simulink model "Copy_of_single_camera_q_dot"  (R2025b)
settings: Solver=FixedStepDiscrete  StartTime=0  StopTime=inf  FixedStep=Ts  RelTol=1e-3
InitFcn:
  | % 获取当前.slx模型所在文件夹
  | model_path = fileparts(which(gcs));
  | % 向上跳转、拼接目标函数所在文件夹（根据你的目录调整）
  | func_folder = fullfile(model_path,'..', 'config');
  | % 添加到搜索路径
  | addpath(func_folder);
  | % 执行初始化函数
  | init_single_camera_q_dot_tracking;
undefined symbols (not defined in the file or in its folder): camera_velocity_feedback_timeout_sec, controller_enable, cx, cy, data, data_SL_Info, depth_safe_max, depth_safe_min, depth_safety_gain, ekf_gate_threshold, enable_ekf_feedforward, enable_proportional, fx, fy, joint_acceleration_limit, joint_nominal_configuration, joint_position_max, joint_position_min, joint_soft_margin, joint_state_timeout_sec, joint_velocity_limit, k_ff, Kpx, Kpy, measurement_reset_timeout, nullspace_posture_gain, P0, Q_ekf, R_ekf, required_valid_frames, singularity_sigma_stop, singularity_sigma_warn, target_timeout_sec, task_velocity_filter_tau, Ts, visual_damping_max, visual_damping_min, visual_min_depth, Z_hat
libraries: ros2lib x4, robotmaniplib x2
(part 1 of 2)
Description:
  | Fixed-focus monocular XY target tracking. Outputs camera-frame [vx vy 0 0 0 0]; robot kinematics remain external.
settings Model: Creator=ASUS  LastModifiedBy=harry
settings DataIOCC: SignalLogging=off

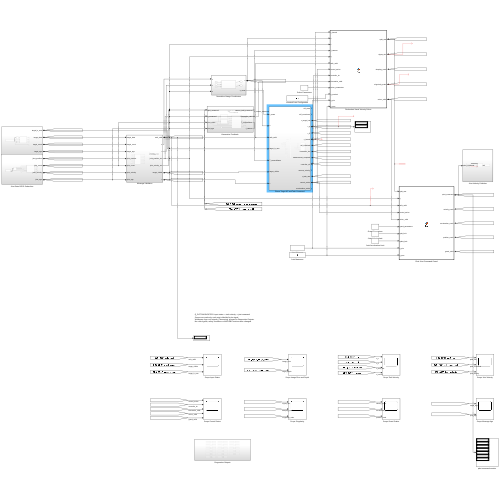
[thumbnail: Simulink's stored preview of the top-level diagram]
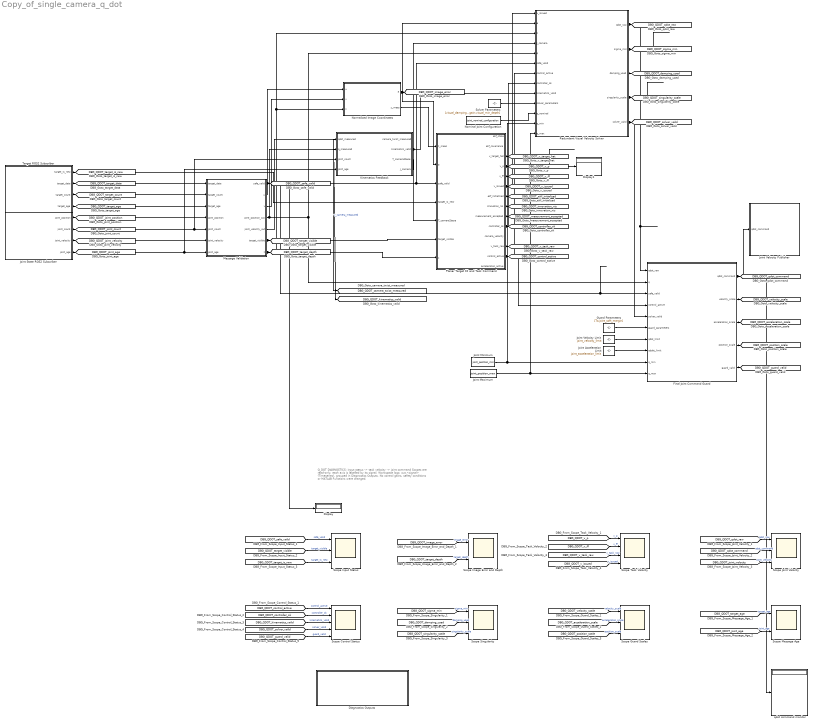
== system Copy_of_single_camera_q_dot ==
  note: Q_DOT DIAGNOSTICS: input status -> task velocity -> joint command
      | Scopes are read-only; each axis is labelled by its signal.
      | Workspace logs: out.<signal> (Timeseries), grouped in Diagnostics Outputs.
      | No control gains, safety conditions or MATLAB Functions were changed.
  Diagnostics Outputs : Subsystem
  Display : Display
  Display1 : Display
  Final Joint Command Guard : MATLAB Function  TreatAsAtomicUnit=on
  Guard Parameters : Constant  Value=[Ts;joint_soft_margin]
  Joint Acceleration Limit : Constant  Value=joint_acceleration_limit
  Joint Maximum : Constant  Value=joint_position_max
  Joint Minimum : Constant  Value=joint_position_min
  Joint State ROS2 Subscriber : Subsystem
  Joint Velocity Limit : Constant  Value=joint_velocity_limit
  Joint Velocity Publisher : Subsystem
  Kinematics Feedback : Subsystem
  Message Validation : Subsystem
  Nominal Joint Configuration : Constant  Value=joint_nominal_configuration
  Normalized Image Coordinates : Subsystem
  Planar Target KF and Task Command : Subsystem
  Redundant Visual Velocity Solver : MATLAB Function  TreatAsAtomicUnit=on
  Scope Control Status : Scope  NumInputPorts=5
      settings: TimeSpan=10  ActiveDisplayString=5  Title=guard_valid  ActiveDisplayYMinimum=-0.037001953201183713  ActiveDisplayYMaximum=0.0101088347899616  DataLoggingVariableName=ScopeData4
  Scope Guard Scales : Scope  NumInputPorts=3
      settings: TimeSpan=10  ActiveDisplayString=3  Title=position_scale  ActiveDisplayYMinimum=-12.068513318672558  ActiveDisplayYMaximum=6.6876450330275015  DataLoggingVariableName=ScopeData6
  Scope Image Error and Depth : Scope  NumInputPorts=2
      settings: TimeSpan=10  Title=target_depth  ActiveDisplayYMinimum=-1  ActiveDisplayYMaximum=1
  Scope Input Status : Scope  NumInputPorts=3
      settings: TimeSpan=10  ActiveDisplayString=3  Title=target_is_new  ActiveDisplayYMinimum=-1.6084422447956979  ActiveDisplayYMaximum=1.406793571934575  DataLoggingVariableName=ScopeData7
  Scope Joint Velocity : Scope  NumInputPorts=3
      settings: TimeSpan=10  ActiveDisplayString=3  Title=joint_velocity  ActiveDisplayYMinimum=-1.0517167509781138  ActiveDisplayYMaximum=1.0307773782957734  DataLoggingVariableName=ScopeData2
  Scope Message Age : Scope  NumInputPorts=2
      settings: TimeSpan=10  Title=joint_age  ActiveDisplayYMinimum=-1  ActiveDisplayYMaximum=1
  Scope Singularity : Scope  NumInputPorts=3
      settings: TimeSpan=10  ActiveDisplayString=3  Title=singularity_scale  ActiveDisplayYMinimum=-3.3735923675324466  ActiveDisplayYMaximum=2.902388236211491  DataLoggingVariableName=ScopeData5
  Scope Task Velocity : Scope  NumInputPorts=4
      settings: TimeSpan=10  ActiveDisplayString=4  Title=v_issued  ActiveDisplayYMinimum=-1  ActiveDisplayYMaximum=1  DataLoggingVariableName=ScopeData3
  Solver Parameters : Constant  Value=[visual_damping_min;visual_damping_max;singularity_sigma_stop;singularity_sigma_warn;nullspace_posture_gain;depth_safe_min;depth_safe_max;depth_safety_gain;visual_min_depth]
  Target ROS2 Subscriber : Subsystem
  qdot command monitor : Display
  tag scope: DBG_QDOT_acceleration_scale=global, DBG_QDOT_camera_twist_measured=global, DBG_QDOT_control_active=global, DBG_QDOT_controller_ok=global, DBG_QDOT_damping_used=global, DBG_QDOT_ekf_initialized=global, DBG_QDOT_guard_valid=global, DBG_QDOT_image_error=global, DBG_QDOT_innovation_nis=global, DBG_QDOT_joint_age=global, DBG_QDOT_joint_count=global, DBG_QDOT_joint_position=global, DBG_QDOT_joint_velocity=global, DBG_QDOT_kinematics_valid=global, DBG_QDOT_measurement_accepted=global, DBG_QDOT_position_scale=global, DBG_QDOT_qdot_command=global, DBG_QDOT_qdot_raw=global, DBG_QDOT_safe_valid=global, DBG_QDOT_sigma_min=global, DBG_QDOT_singularity_scale=global, DBG_QDOT_solver_valid=global, DBG_QDOT_target_age=global, DBG_QDOT_target_count=global, DBG_QDOT_target_data=global, DBG_QDOT_target_depth=global, DBG_QDOT_target_is_new=global, DBG_QDOT_target_visible=global, DBG_QDOT_v_ff=global, DBG_QDOT_v_issued=global, DBG_QDOT_v_p=global, DBG_QDOT_v_target_hat=global, DBG_QDOT_v_task_raw=global, DBG_QDOT_velocity_scale=global
  wires:
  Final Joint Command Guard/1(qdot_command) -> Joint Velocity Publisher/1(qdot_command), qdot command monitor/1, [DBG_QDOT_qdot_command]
_ _ _ _ _
When a line contains the string "TreatAsAtomicUnit", copy it from the records.

  Final Joint Command Guard : MATLAB Function  TreatAsAtomicUnit=on
  Redundant Visual Velocity Solver : MATLAB Function  TreatAsAtomicUnit=on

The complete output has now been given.